Lots of software developers would love to know in detail how people use their work, and to that end, there’s an increasing number of programs that
phone home with crash reports, heat maps of which UI elements get used, and even detailed logs of every interaction. The problem, of course, is how to collect as much useful information as possible without infringing on user privacy. Usually, what the developers want are aggregate statistics—how often does this widget get used by everyone, that sort of thing—so the logical method to apply is differential privacy. However, stock differential privacy algorithms assume a central, trusted database, and in this case, the only people who could run the database are the developers—the very same people against whom individual responses should be protected. Also, differential privacy’s mathematical guarantees are eroded if you repeatedly ask the same survey questions of the same population—which is exactly what you want to do to understand how user behavior changes over time.

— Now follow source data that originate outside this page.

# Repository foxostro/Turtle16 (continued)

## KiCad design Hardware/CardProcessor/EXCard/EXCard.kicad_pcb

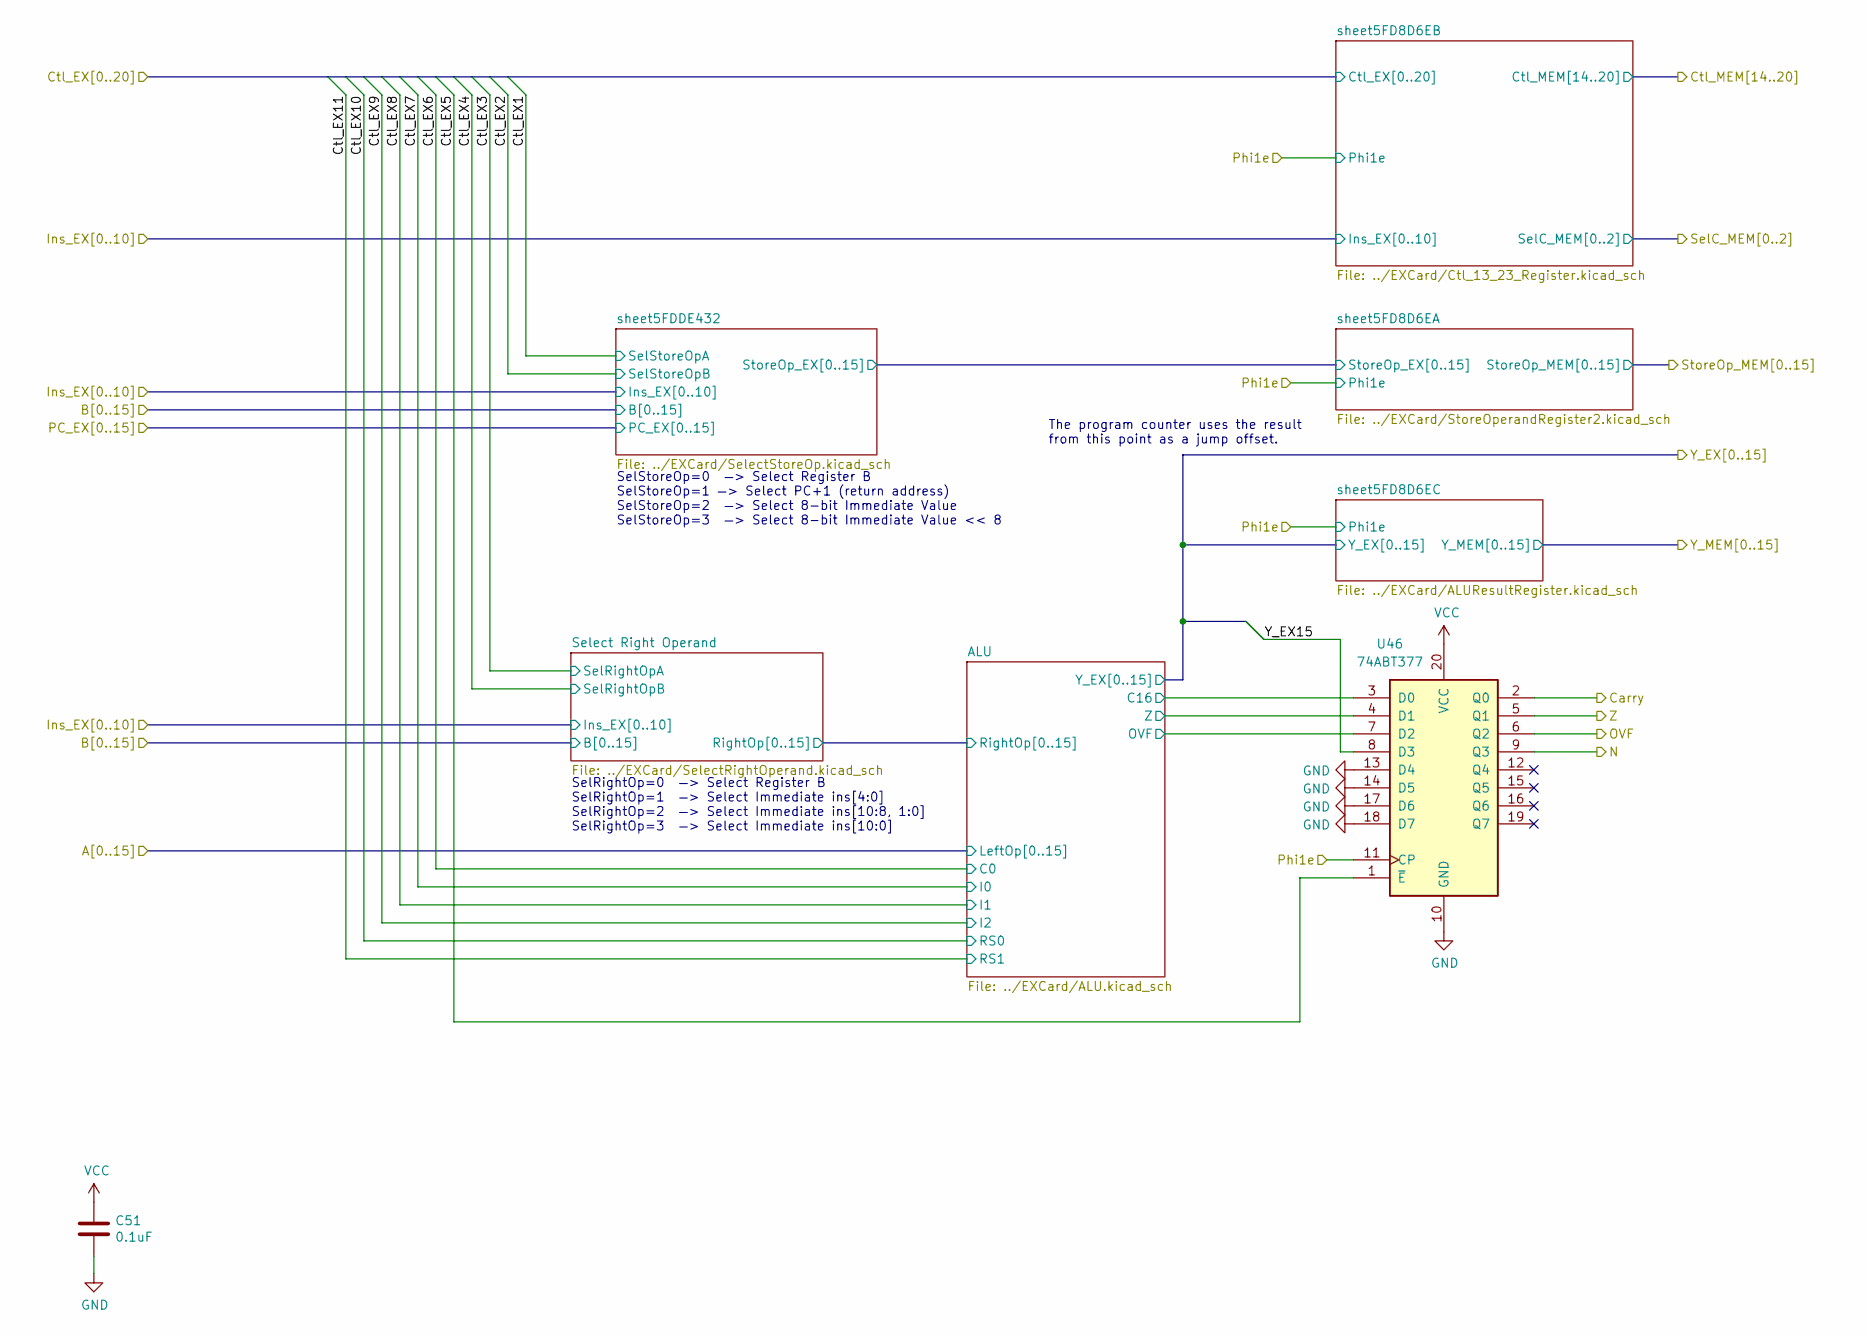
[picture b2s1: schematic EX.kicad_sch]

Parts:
C51: 0.1uF; C_0603_1608Metric; Manufacturer# EMK107B7104KAHT; Mouser# 963-EMK107B7104KAHT
U46: 74ABT377; TSSOP-20_4.4x6.5mm_P0.65mm; Manufacturer# SN74ABT377APWR; Mouser# 595-SN74ABT377APWR

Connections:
/Carry: U46.2 (Q0); also elsewhere on the board
/Ctl_EX5: U46.1 (~E); also elsewhere on the board
/EX/ALU/C16: U46.3 (D0); also elsewhere on the board
/EX/ALU/OVF: U46.7 (D2); also elsewhere on the board
/EX/ALU/Z: U46.4 (D1); also elsewhere on the board
/N: U46.9 (Q3); also elsewhere on the board
/OVF: U46.6 (Q2); also elsewhere on the board
/Phi1e: U46.11 (CP); also elsewhere on the board
/Y_EX15: U46.8 (D3); also elsewhere on the board
/Z: U46.5 (Q1); also elsewhere on the board
GND: C51.2, U46.10 (GND), U46.13 (D4), U46.14 (D5), U46.17 (D6), U46.18 (D7); also elsewhere on the board
VCC: C51.1, U46.20 (VCC); also elsewhere on the board

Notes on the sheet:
SelStoreOp=0 —> Select Register B SelStoreOp=1 —> Select PC+1 (return address) SelStoreOp=2 —> Select 8-bit Immediate Value SelStoreOp=3 —> Select 8-bit Immediate Value << 8
SelRightOp=0 —> Select Register B SelRightOp=1 —> Select Immediate ins[4:0] SelRightOp=2 —> Select Immediate ins[10:8, 1:0] SelRightOp=3 —> Select Immediate ins[10:0]
The program counter uses the result from this point as a jump offset.

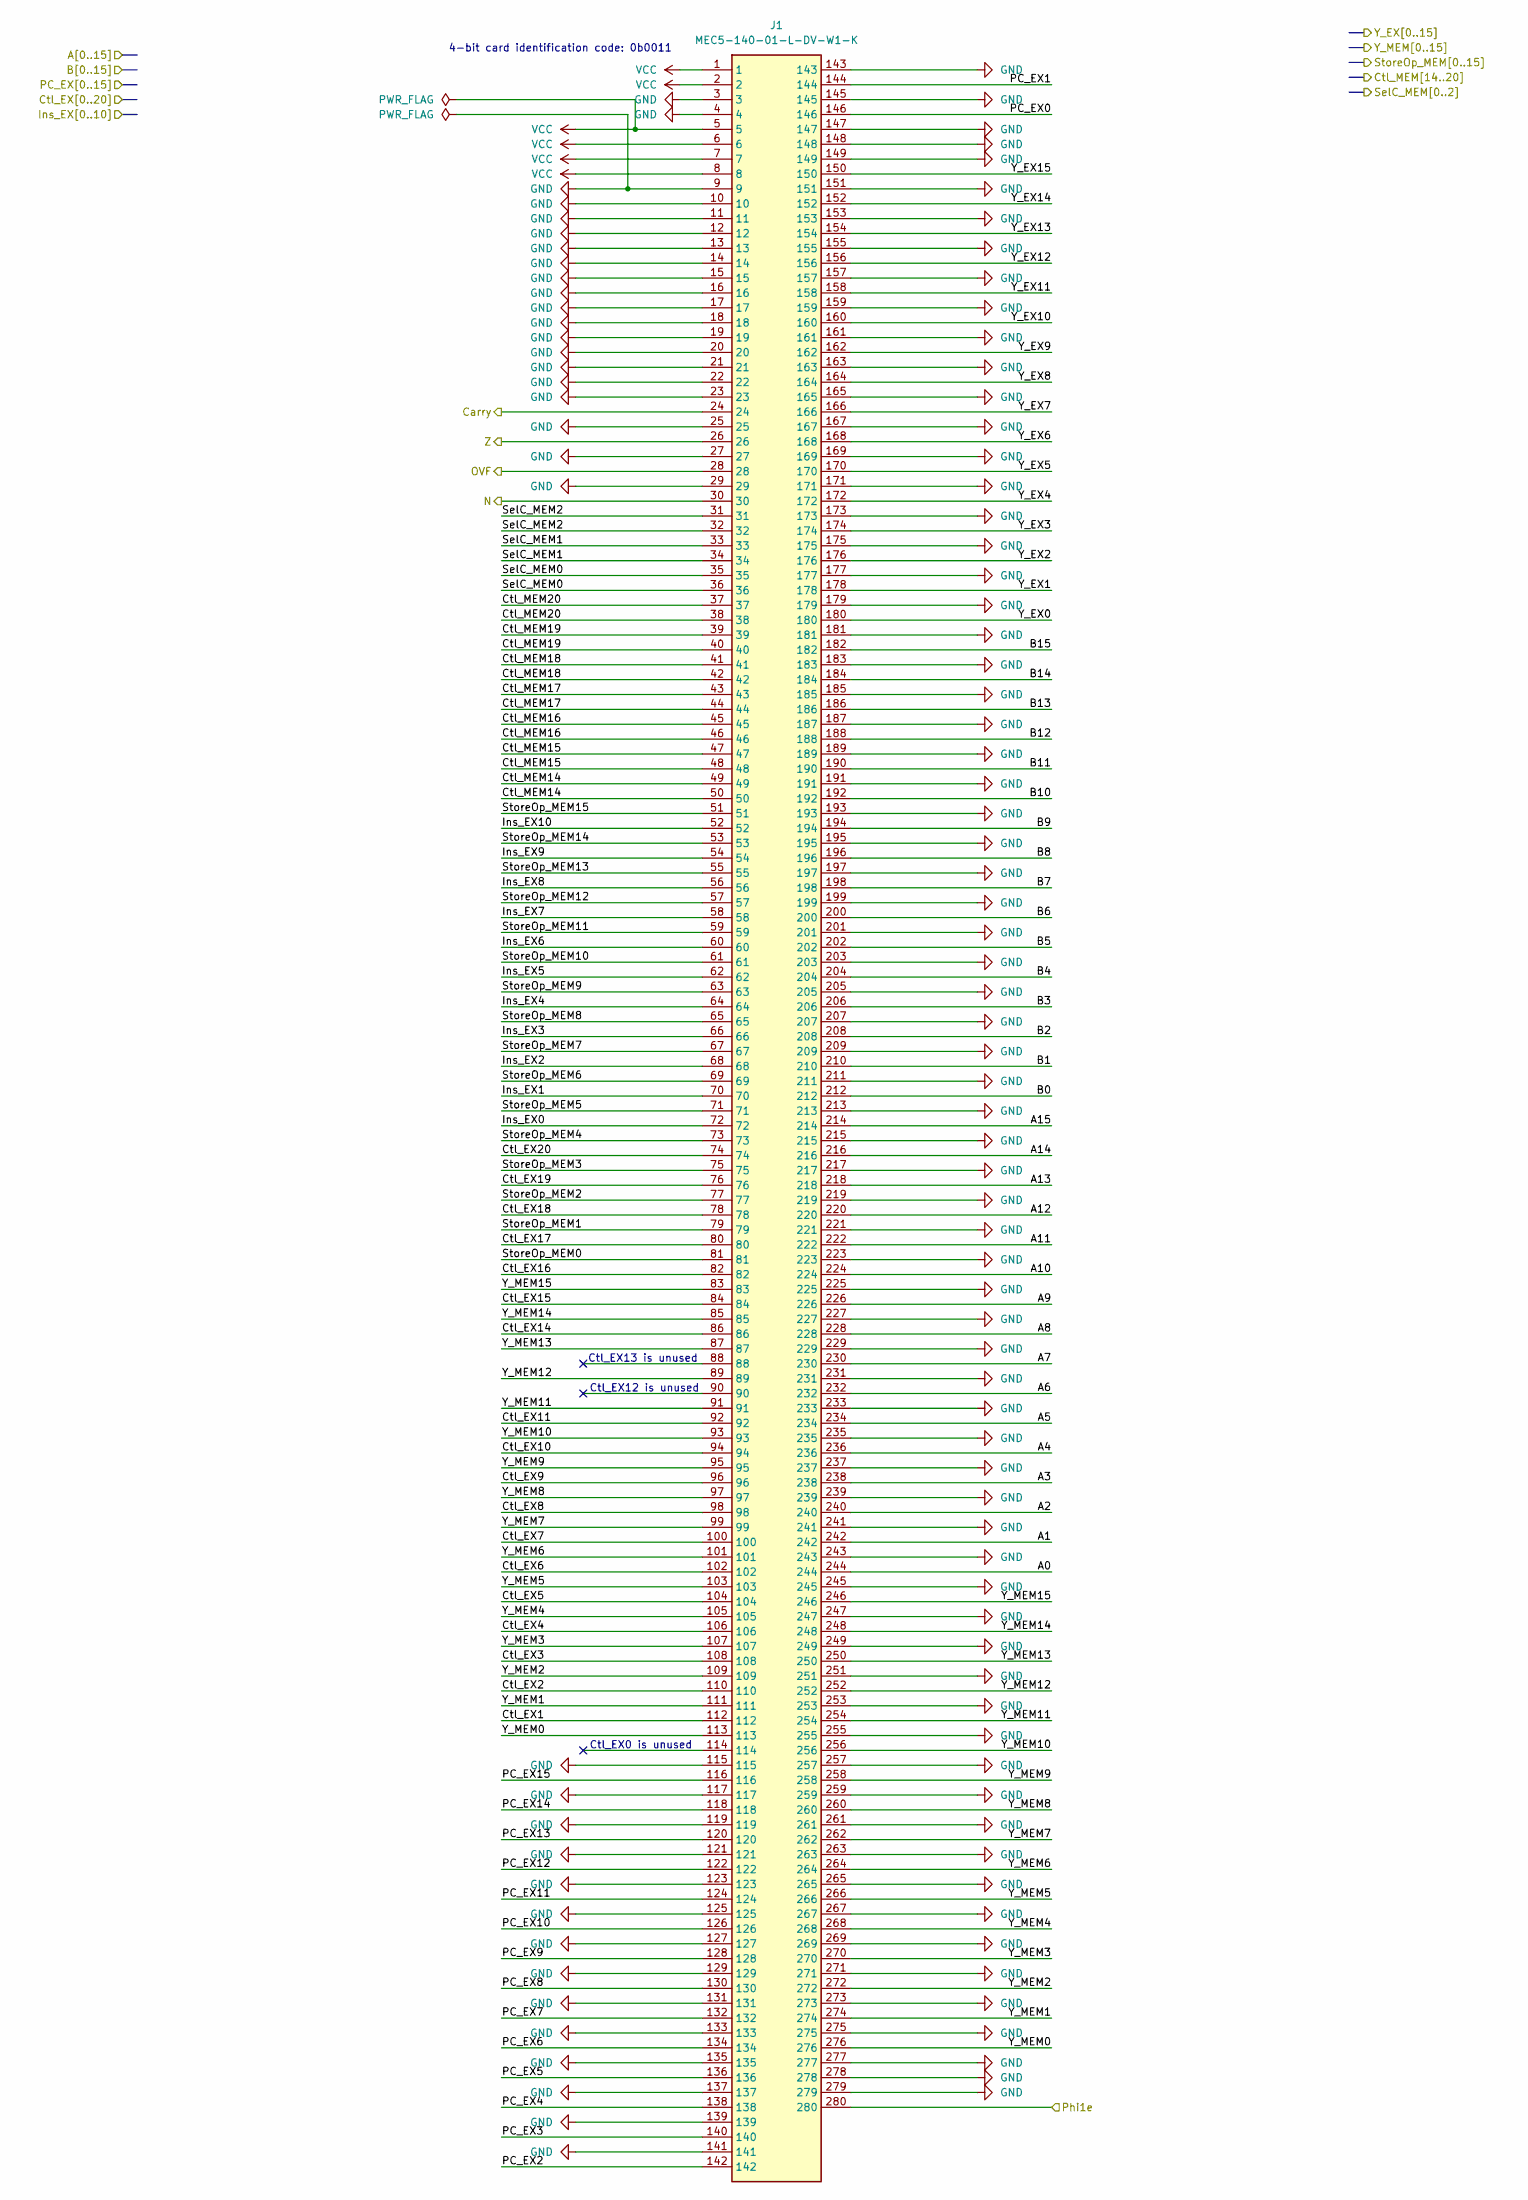
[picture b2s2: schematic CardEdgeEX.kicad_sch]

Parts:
J1: MEC5-140-01-L-DV-W1-K; MEC5-140-01-L-DV-W1-K_Edge; Mouser Part Number 200-MEC514001LDVW1K

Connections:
/A0: J1.244; also elsewhere on the board
/A1: J1.242; also elsewhere on the board
/A2: J1.240; also elsewhere on the board
/A3: J1.238; also elsewhere on the board
/A4: J1.236; also elsewhere on the board
/A5: J1.234; also elsewhere on the board
/A6: J1.232; also elsewhere on the board
/A7: J1.230; also elsewhere on the board
/A8: J1.228; also elsewhere on the board
/A9: J1.226; also elsewhere on the board
/A10: J1.224; also elsewhere on the board
/A11: J1.222; also elsewhere on the board
/A12: J1.220; also elsewhere on the board
/A13: J1.218; also elsewhere on the board
/A14: J1.216; also elsewhere on the board
/A15: J1.214; also elsewhere on the board
/B0: J1.212; also elsewhere on the board
/B1: J1.210; also elsewhere on the board
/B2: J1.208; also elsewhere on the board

This paper solves both problems with a combination of randomized response and Bloom filters. Randomized response is an old, ingenious idea for asking sensitive yes-no survey questions such that any one person has plausible deniability, but the true aggregate number of
yes responses is still known: each survey participant secretly flips a coin before answering, and if it comes up heads they answer
yes whether or not that’s true. Otherwise they answer honestly. After the fact, everyone can claim to have answered
yes because of the coin flip, but to recover the true population statistic one simply doubles the number of
no answers. Bloom filters (which I’m not going to try to explain) are used to extend this from yes-no to reporting sets of strings. Finally, there are two stages of randomization. Given a set of survey questions, the system computes a
Permanent randomized response which is, as the name implies, reused until either the answers or the questions change. This prevents privacy erosion, because each user is always either answering honestly or falsely to any given question; a nosy server cannot average out the coin tosses. Additional
instantaneous randomness is added each time a report is submitted, to prevent the report being a fingerprint for that user. The system is said to be in use for telemetry from the Chrome browser, and they give several examples of data collected in practice.
The Permanent randomized responses illustrate a basic tension in security design: you can often get better security outcomes versus a remote attacker if you keep local state, but that local state is probably high-value information for a local attacker. For example, any system involving trust on first use will store a list of frequently contacted remote peers, with credentials, on the local machine; tampering with that can destroy the system’s security guarantees, and simply reading it tells you, at a minimum, which remote peers you regularly connect to. The TAILS live-CD is intended to
leave no trace on the system it’s run on, which means it changes its entry guards on every reboot, increasing the chance of picking a malicious guard. In this case, a local adversary who can read a Chrome browser profile has access to much higher-value data than the Permanent responses, but a cautious user who erases their browser profile on every shutdown, to protect against that local adversary, is harming their own security against the Chrome developers. (This might be the right tradeoff, of course.)
I also wonder what a network eavesdropper learns from the telemetry reports. Presumably they are conveyed over a secure channel, but at a minimum, that still reveals that the client software is installed, and the size of the upload might reveal things. A crash report, for instance, is probably much bulkier than a statistics ping, and is likely to be submitted immediately rather than on a schedule.